Hacker News new | ask | show | jobs
by hftf 3382 days ago
Do you know of any existing forced alignment tools that work well with live audio (microphone) input? I would like to create a live stream in which the words of a known text are displayed as they are being spoken into a microphone.
2 comments

For sure aeneas is not suitable, since it requires all the text and all the audio in advance.

But ASR-based tools in theory would allow such an operation mode, but I have not seen aligners that read from the mic buffer directly or have a built-in option/CLI for it.

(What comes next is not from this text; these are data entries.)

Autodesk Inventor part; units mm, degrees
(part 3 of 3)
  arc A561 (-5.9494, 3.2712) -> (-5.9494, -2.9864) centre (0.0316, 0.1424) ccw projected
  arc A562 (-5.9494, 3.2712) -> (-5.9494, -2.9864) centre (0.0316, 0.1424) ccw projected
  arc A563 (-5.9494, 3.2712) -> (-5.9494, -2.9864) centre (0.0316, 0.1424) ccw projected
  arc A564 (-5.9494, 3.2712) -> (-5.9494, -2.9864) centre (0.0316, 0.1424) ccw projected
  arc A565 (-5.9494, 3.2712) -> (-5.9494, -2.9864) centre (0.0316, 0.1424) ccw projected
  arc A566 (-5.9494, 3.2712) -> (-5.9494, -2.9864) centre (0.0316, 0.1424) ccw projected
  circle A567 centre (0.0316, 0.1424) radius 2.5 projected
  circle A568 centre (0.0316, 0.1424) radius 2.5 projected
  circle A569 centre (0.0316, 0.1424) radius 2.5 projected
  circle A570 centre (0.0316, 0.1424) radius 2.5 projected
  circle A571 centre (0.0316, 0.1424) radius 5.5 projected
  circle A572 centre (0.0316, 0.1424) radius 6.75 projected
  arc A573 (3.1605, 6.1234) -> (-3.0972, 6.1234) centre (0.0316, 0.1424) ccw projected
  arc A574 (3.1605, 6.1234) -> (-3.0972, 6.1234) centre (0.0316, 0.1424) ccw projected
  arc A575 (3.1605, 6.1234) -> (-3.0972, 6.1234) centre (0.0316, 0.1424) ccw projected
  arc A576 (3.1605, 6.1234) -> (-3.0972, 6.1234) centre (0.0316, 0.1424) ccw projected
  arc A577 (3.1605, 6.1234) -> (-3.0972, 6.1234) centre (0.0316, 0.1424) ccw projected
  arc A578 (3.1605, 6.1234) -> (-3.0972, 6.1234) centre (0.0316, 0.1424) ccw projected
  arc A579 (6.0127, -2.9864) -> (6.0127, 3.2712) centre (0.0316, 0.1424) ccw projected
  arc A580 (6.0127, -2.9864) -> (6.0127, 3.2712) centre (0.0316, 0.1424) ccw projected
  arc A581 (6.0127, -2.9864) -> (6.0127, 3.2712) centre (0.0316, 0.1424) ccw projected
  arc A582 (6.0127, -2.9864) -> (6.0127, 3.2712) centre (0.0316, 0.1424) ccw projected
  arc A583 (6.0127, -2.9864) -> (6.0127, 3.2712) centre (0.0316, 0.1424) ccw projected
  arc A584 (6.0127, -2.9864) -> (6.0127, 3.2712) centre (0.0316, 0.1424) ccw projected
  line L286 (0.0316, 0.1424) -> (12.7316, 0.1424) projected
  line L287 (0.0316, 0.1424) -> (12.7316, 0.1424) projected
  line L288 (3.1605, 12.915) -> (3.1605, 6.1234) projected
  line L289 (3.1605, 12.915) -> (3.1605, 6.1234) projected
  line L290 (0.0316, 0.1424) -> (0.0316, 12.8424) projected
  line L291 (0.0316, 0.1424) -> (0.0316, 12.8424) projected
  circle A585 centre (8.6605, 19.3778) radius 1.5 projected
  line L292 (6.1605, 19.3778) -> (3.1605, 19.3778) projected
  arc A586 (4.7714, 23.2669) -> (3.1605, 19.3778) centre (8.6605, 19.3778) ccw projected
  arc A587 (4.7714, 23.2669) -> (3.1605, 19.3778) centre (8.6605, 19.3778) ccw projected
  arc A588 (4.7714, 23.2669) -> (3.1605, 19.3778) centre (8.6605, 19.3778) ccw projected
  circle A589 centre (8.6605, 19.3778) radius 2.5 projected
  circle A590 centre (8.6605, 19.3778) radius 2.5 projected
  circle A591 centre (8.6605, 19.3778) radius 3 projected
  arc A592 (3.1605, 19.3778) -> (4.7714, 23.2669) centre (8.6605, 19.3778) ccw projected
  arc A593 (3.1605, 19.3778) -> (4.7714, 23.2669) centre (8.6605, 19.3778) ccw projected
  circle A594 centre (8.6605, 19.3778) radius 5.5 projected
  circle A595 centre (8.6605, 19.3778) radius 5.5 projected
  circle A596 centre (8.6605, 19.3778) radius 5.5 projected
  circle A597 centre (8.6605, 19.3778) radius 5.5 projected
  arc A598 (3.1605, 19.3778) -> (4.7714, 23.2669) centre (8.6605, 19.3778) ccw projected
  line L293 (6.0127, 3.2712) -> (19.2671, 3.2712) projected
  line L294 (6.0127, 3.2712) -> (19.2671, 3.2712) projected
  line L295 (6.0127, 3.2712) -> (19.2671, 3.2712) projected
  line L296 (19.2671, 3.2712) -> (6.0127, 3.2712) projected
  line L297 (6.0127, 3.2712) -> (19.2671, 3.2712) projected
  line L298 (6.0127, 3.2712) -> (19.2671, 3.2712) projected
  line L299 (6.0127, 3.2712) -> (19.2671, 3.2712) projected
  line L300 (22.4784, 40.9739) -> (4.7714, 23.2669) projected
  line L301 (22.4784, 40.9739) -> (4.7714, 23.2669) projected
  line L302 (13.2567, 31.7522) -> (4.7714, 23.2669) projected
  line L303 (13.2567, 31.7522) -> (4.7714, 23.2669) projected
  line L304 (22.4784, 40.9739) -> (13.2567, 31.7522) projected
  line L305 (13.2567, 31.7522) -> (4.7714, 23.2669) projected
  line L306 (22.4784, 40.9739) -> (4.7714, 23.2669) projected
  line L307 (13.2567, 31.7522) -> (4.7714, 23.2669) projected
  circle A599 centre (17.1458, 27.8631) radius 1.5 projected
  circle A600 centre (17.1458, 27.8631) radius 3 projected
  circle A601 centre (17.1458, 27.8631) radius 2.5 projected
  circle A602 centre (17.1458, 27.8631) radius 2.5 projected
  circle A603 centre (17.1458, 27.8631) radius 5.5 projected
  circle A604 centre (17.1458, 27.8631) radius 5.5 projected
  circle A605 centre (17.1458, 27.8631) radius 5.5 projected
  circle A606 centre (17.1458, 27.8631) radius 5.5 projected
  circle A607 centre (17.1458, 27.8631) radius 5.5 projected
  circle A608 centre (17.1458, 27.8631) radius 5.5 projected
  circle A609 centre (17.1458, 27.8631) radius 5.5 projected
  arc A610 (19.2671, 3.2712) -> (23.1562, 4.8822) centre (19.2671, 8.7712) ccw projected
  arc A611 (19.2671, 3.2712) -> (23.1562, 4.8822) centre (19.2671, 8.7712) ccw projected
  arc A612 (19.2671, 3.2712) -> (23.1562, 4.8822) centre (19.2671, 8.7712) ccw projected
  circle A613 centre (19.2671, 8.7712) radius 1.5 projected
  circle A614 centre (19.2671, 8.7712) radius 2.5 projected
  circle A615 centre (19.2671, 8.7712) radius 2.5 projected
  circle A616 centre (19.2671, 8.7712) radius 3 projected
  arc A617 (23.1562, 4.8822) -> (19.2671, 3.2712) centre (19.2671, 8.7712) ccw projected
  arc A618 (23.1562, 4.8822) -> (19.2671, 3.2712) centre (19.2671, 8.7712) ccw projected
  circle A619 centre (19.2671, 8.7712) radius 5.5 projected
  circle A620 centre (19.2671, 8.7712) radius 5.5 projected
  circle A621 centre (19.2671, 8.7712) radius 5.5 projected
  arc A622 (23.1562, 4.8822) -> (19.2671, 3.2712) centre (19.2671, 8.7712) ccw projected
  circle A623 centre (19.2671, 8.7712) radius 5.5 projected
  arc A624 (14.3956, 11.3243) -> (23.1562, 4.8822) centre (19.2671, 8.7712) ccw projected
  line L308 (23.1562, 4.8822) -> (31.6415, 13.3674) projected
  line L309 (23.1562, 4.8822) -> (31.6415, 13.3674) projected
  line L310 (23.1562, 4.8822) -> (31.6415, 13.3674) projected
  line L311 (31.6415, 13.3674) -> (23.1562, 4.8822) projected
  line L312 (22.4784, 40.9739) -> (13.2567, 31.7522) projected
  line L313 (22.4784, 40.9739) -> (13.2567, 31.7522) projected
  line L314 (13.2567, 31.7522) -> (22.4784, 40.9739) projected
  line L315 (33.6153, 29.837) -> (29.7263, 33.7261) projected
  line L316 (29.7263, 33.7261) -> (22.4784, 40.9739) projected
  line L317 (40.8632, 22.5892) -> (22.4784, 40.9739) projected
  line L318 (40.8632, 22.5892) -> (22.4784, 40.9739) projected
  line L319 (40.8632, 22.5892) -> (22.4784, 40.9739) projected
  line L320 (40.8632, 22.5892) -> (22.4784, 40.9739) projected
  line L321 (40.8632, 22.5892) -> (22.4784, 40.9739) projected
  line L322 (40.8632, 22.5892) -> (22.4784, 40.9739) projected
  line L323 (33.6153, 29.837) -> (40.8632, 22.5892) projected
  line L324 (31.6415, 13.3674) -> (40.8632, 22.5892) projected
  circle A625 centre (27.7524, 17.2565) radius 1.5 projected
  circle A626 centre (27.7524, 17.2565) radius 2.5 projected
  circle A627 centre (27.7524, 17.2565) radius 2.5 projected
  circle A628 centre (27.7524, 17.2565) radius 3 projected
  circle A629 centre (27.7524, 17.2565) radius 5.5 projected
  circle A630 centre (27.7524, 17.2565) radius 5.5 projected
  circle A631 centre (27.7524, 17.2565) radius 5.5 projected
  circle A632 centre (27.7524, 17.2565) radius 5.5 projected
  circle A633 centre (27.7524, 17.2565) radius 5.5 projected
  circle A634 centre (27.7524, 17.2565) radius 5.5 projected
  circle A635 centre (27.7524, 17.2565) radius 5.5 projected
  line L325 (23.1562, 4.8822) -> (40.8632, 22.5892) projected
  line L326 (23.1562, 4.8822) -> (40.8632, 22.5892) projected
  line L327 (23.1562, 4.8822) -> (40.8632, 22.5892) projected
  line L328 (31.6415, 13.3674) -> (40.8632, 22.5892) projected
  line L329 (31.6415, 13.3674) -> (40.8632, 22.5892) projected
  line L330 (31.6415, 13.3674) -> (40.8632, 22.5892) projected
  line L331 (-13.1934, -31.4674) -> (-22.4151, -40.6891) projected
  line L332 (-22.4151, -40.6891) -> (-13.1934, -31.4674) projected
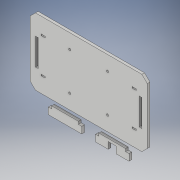
# Autodesk Inventor part: mount - developer
Saved by Autodesk Inventor 2019 (Build 230136000, 136)
## iProperties
Created: 2019-04-11
Part Number: mount - developer
Material: Generic
Document SubType Name: Modeling
Designer: jonas
Density: 1 g/cm^3
Appearance: Default
Author: jonas
Autodesk Inventor part; units mm, degrees
ref_plane "YZ Plane" through (0, 0, 0) normal (1, 0, 0) x (0, 1, 0)
ref_plane "XZ Plane" through (0, 0, 0) normal (0, 1, 0) x (-1, 0, 0)
ref_plane "XY Plane" through (0, 0, 0) normal (0, 0, 1) x (1, 0, 0)
sketch "Sketch1" plane through (0, 0, 0) normal (0, 0, 1) x (1, 0, 0)
  line L0 (-79.5, -50) -> (79.5, -50)
  line L1 (87.5, -42) -> (87.5, 42)
  line L2 (79.5, 50) -> (-79.5, 50)
  line L3 (-87.5, 42) -> (-87.5, -42)
  line L4 (0, 1.1499) -> (0, -1.1499)
  line L5 (1.5253, 0) -> (-2.0225, 0)
  line L6 (-79.5, -20) -> (-75.5, -20)
  line L7 (-75.5, -20) -> (-75.5, 20)
  line L8 (-75.5, 20) -> (-79.5, 20)
  line L9 (-79.5, 20) -> (-79.5, -20)
  line L10 (79.5, -20) -> (75.5, -20)
  line L11 (75.5, -20) -> (75.5, 20)
  line L12 (75.5, 20) -> (79.5, 20)
  line L13 (79.5, 20) -> (79.5, -20)
  line L14 (-10.2685, -72.0544) -> (-10.2685, -62.0544)
  line L15 (-10.2685, -62.0544) -> (-15.2685, -62.0544)
  line L16 (-60.2685, -62.0544) -> (-60.2685, -72.0544)
  line L17 (-60.2685, -72.0544) -> (-10.2685, -72.0544)
  line L18 (-55.2685, -58.0544) -> (-15.2685, -58.0544)
  line L19 (-15.2685, -58.0544) -> (-15.2685, -62.0544)
  line L20 (-55.2685, -62.0544) -> (-60.2685, -62.0544)
  line L21 (-55.2685, -62.0544) -> (-55.2685, -58.0544)
  circle A0 centre (-28.2843, -28.2843) radius 1.6
  circle A1 centre (28.2843, -28.2843) radius 1.6
  circle A2 centre (28.2843, 28.2843) radius 1.6
  circle A3 centre (-28.2843, 28.2843) radius 1.6
  line L22 (0, 0) -> (3.5355, -3.5355)
  line L23 (0, 0) -> (5, 0) construction
  line L24 (10.2685, -72.0544) -> (10.2685, -62.0544)
  line L25 (10.2685, -62.0544) -> (15.2685, -62.0544)
  line L26 (60.2685, -62.0544) -> (60.2685, -72.0544)
  line L27 (60.2685, -72.0544) -> (41.2685, -72.0544)
  line L28 (55.2685, -58.0544) -> (15.2685, -58.0544)
  line L29 (15.2685, -58.0544) -> (15.2685, -62.0544)
  line L30 (55.2685, -62.0544) -> (60.2685, -62.0544)
  line L31 (55.2685, -62.0544) -> (55.2685, -58.0544)
  line L32 (41.2685, -62.0544) -> (29.2685, -62.0544)
  line L33 (29.2685, -62.0544) -> (29.2685, -72.0544)
  line L34 (29.2685, -72.0544) -> (10.2685, -72.0544)
  line L35 (41.2685, -72.0544) -> (41.2685, -62.0544)
  line L36 (-71, 27) -> (-65, 27)
  line L37 (-65, 27) -> (-65, 25)
  line L38 (-65, 25) -> (-71, 25)
  line L39 (-71, 25) -> (-71, 27)
  line L40 (71, 27) -> (65, 27)
  line L41 (65, 27) -> (65, 25)
  line L42 (65, 25) -> (71, 25)
  line L43 (71, 25) -> (71, 27)
  line L44 (-71, -27) -> (-65, -27)
  line L45 (-65, -27) -> (-65, -25)
  line L46 (-65, -25) -> (-71, -25)
  line L47 (-71, -25) -> (-71, -27)
  line L48 (65, -27) -> (65, -25)
  line L49 (71, -27) -> (65, -27)
  line L50 (71, -25) -> (71, -27)
  line L51 (65, -25) -> (71, -25)
  line L52 (-79.5, 50) -> (-87.5, 42)
  line L53 (-79.5, -50) -> (-87.5, -42)
  line L54 (79.5, -50) -> (87.5, -42)
  line L55 (87.5, 42) -> (79.5, 50)
  point P0 (-87.5, -50)
  point P1 (87.5, 50)
  point P2 (87.5, -50)
  point P3 (-87.5, 50)
  dimension "d0" = 100
  dimension "d1" = 175
  dimension "d2" = 151
  dimension "d3" = 40
  dimension "d4" = 4
  dimension "d6" = 5
  dimension "d7" = 10
  dimension "d8" = 3.2
  dimension "d11" = 360
  dimension "d14" = 4
  dimension "d16" = 45
  dimension "d17" = 40
  dimension "d18" = 50
  dimension "d19" = 5
  dimension "d20" = 4
  dimension "d24" = 6
  dimension "d25" = 2
  dimension "d26" = 25
  dimension "d27" = 65
  dimension "d30" = 8
  dimension "d31" = 8
  dimension "d32" = 8
  dimension "d33" = 8
  dimension "d34" = 8
  dimension "d35" = 8
  dimension "d36" = 8
  dimension "d37" = 8
  dimension "d38" = 12
  dimension "d39" = 19
  constraints: 112 end point, 24 symmetric about line, 11 parallel, 10 point on line, 9 perpendicular, 5 horizontal, 4 centre point, 2 midpoint, 1 collinear, 1 equal length, 1 vertical, 13 other
  measures "d0" distance of point (87.5, -50) point (87.5, 50)
  measures "d1" distance of point (-87.5, -50) point (87.5, -50)
  measures "d2" distance between parallel lines of L11 L7
  measures "d3" distance of L8.end L6.start
  measures "d4" distance of L6.start L6.end
  measures "d6" distance of L14.end L15.end
  measures "d7" distance of L16.start L16.end
  measures "d8" diameter of A0
  measures "d14" distance of L20.start L18.start
  measures "d16" angle of L22 L23
  measures "d17" distance from line of A0.centre L22
  measures "d18" distance between parallel lines of L14 L16
  measures "d19" distance of L20.start L16.start
  measures "d20" distance of L18.end L15.end
  measures "d24" distance of L36.start L36.end
  measures "d25" distance of L38.end L36.start
  measures "d26" distance between parallel lines of L5 L38
  measures "d27" distance between parallel lines of L4 L37
  measures "d30" distance of L2.end point (-87.5, 50)
  measures "d31" distance of L3.start point (-87.5, 50)
  measures "d32" distance of L0.start point (-87.5, -50)
  measures "d33" distance of L3.end point (-87.5, -50)
  measures "d34" distance of L0.end point (87.5, -50)
  measures "d35" distance of L1.start point (87.5, -50)
  measures "d36" distance of L1.end point (87.5, 50)
  measures "d37" distance of L2.start point (87.5, 50)
  measures "d38" distance of L32.start L32.end
  measures "d39" distance of L33.end L24.start
extrude "Extrusion1" add sketch "Sketch1" along normal blind 4
equation "\"d14\" = d4"
equation "\"d18\" = d3 + 2 * d6"
equation "\"d31\" = d30"
equation "\"d32\" = d30"
equation "\"d33\" = d32"
equation "\"d34\" = d30"
equation "\"d35\" = d34"
equation "\"d36\" = d30"
equation "\"d37\" = d36"
body "Solid1"

Knowing the text in advance basically means that you can train your own language (textual) model adapted to that exact text, and then use the (standard) acoustic model for your language and aligning procedure as usual. Hence, I am quite sure you can tweak e.g. CMU Sphinx or Kaldi to do it. Perhaps gentle (which is based on Kaldi) is worth looking into.

I looked into gentle a few weeks ago and did notice that it seems to use an online algorithm. It doesn’t have built-in support for live audio input unfortunately, but it may be tweakable as you say (such as reimplementing it to use audio streams that work with either static or real-time input). I guess there’s no other way to find out than just try it myself.
Another possibility is to just run an automatic speech recognition system (e.g. Sphinx or PocketSphinx can read from the mic input), and align its output with the ground truth text.

You need to deal with imperfect matching because the ASR might produce a text slightly different from the ground truth, but if you want to chunk e.g. at sentence granularity (and then move on to the next sentence), you should be able to do it in real time.